§ **HOW TO COMPLETE THIS TASK**
Write each entry out again verbatim, pictures excluded.

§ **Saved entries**

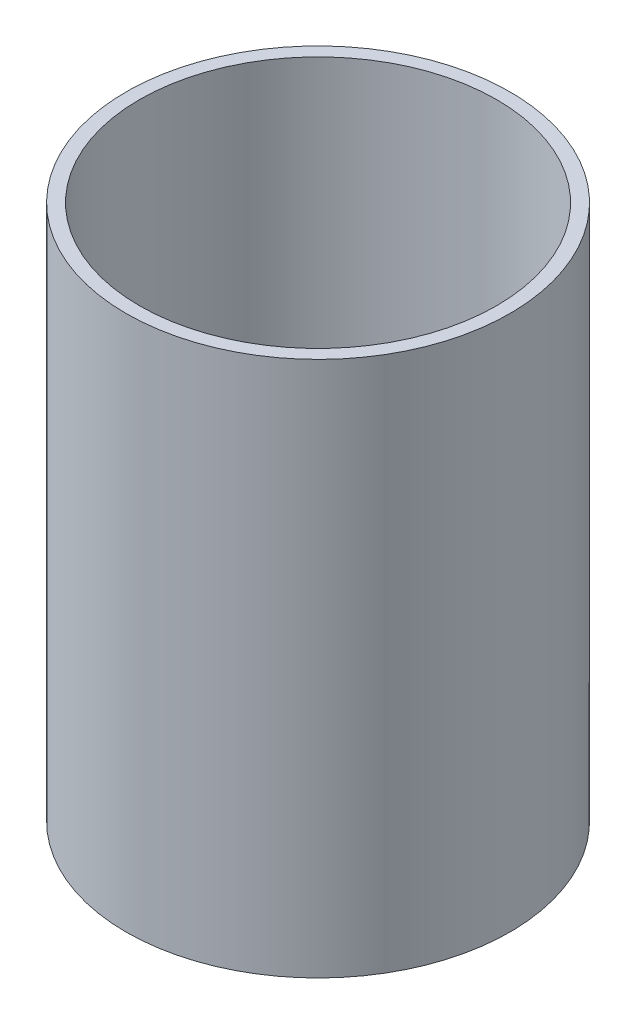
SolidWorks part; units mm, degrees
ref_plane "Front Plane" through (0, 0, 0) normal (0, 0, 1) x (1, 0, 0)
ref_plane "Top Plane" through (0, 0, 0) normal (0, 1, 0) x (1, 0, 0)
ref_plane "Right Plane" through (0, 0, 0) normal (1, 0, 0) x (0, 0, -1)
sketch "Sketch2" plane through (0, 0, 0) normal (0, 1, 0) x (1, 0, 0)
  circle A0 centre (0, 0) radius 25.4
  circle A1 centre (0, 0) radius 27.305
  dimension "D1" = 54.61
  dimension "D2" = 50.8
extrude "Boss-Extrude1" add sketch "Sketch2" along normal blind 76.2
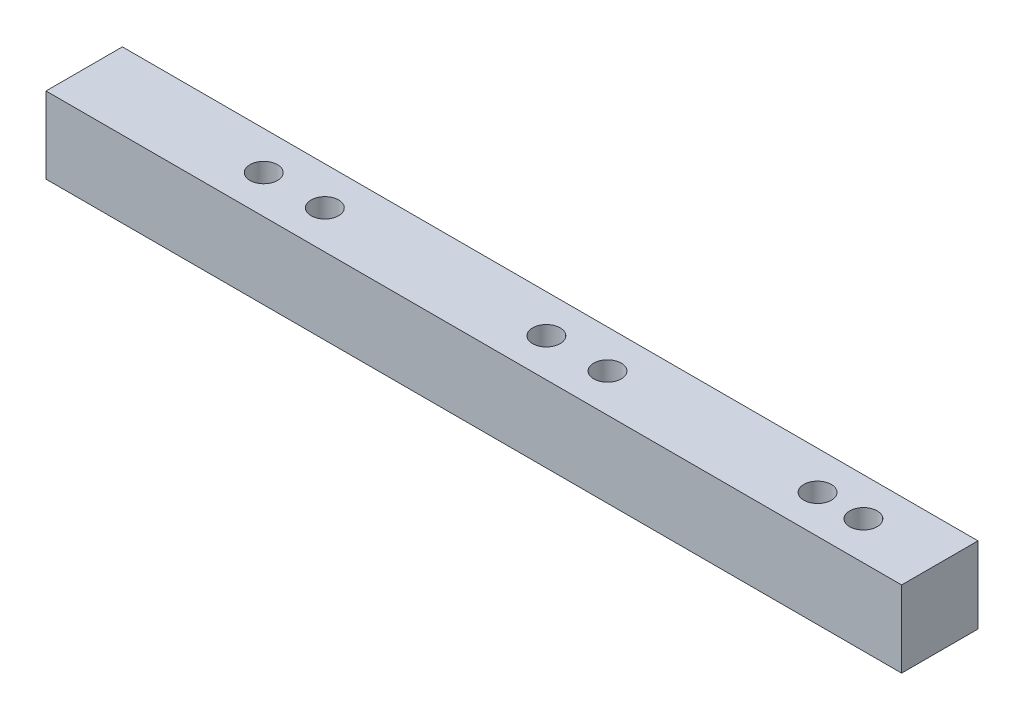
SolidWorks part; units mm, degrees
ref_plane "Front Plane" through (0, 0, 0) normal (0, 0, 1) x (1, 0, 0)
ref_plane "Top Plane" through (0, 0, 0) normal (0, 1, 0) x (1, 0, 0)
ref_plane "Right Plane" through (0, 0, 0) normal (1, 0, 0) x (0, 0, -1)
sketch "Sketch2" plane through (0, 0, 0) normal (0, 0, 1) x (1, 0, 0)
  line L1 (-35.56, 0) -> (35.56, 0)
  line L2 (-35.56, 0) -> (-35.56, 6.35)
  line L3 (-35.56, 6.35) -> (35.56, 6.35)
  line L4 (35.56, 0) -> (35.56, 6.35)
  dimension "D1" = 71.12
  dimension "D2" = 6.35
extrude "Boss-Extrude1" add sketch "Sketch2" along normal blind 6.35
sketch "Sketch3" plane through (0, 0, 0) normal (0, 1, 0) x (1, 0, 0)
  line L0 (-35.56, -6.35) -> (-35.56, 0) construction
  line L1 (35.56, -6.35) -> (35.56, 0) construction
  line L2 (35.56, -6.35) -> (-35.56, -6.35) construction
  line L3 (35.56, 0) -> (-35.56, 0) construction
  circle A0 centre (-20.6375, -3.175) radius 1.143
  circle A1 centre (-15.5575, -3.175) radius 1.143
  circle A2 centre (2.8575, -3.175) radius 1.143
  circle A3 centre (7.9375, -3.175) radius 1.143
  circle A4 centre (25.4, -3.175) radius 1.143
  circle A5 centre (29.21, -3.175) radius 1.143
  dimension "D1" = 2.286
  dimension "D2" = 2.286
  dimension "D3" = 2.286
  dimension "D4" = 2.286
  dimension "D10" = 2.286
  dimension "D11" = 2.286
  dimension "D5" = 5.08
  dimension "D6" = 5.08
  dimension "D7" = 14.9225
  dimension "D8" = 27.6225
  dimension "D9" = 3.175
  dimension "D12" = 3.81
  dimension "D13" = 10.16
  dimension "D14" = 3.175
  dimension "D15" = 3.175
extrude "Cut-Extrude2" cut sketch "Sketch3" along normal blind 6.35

§ **WRITTEN REPLY**
SolidWorks part; units mm, degrees
ref_plane "Front Plane" through (0, 0, 0) normal (0, 0, 1) x (1, 0, 0)
ref_plane "Top Plane" through (0, 0, 0) normal (0, 1, 0) x (1, 0, 0)
ref_plane "Right Plane" through (0, 0, 0) normal (1, 0, 0) x (0, 0, -1)
sketch "Sketch2" plane through (0, 0, 0) normal (0, 1, 0) x (1, 0, 0)
  circle A0 centre (0, 0) radius 25.4
  circle A1 centre (0, 0) radius 27.305
  dimension "D1" = 54.61
  dimension "D2" = 50.8
extrude "Boss-Extrude1" add sketch "Sketch2" along normal blind 76.2
SolidWorks part; units mm, degrees
ref_plane "Front Plane" through (0, 0, 0) normal (0, 0, 1) x (1, 0, 0)
ref_plane "Top Plane" through (0, 0, 0) normal (0, 1, 0) x (1, 0, 0)
ref_plane "Right Plane" through (0, 0, 0) normal (1, 0, 0) x (0, 0, -1)
sketch "Sketch2" plane through (0, 0, 0) normal (0, 0, 1) x (1, 0, 0)
  line L1 (-35.56, 0) -> (35.56, 0)
  line L2 (-35.56, 0) -> (-35.56, 6.35)
  line L3 (-35.56, 6.35) -> (35.56, 6.35)
  line L4 (35.56, 0) -> (35.56, 6.35)
  dimension "D1" = 71.12
  dimension "D2" = 6.35
extrude "Boss-Extrude1" add sketch "Sketch2" along normal blind 6.35
sketch "Sketch3" plane through (0, 0, 0) normal (0, 1, 0) x (1, 0, 0)
  line L0 (-35.56, -6.35) -> (-35.56, 0) construction
  line L1 (35.56, -6.35) -> (35.56, 0) construction
  line L2 (35.56, -6.35) -> (-35.56, -6.35) construction
  line L3 (35.56, 0) -> (-35.56, 0) construction
  circle A0 centre (-20.6375, -3.175) radius 1.143
  circle A1 centre (-15.5575, -3.175) radius 1.143
  circle A2 centre (2.8575, -3.175) radius 1.143
  circle A3 centre (7.9375, -3.175) radius 1.143
  circle A4 centre (25.4, -3.175) radius 1.143
  circle A5 centre (29.21, -3.175) radius 1.143
  dimension "D1" = 2.286
  dimension "D2" = 2.286
  dimension "D3" = 2.286
  dimension "D4" = 2.286
  dimension "D10" = 2.286
  dimension "D11" = 2.286
  dimension "D5" = 5.08
  dimension "D6" = 5.08
  dimension "D7" = 14.9225
  dimension "D8" = 27.6225
  dimension "D9" = 3.175
  dimension "D12" = 3.81
  dimension "D13" = 10.16
  dimension "D14" = 3.175
  dimension "D15" = 3.175
extrude "Cut-Extrude2" cut sketch "Sketch3" along normal blind 6.35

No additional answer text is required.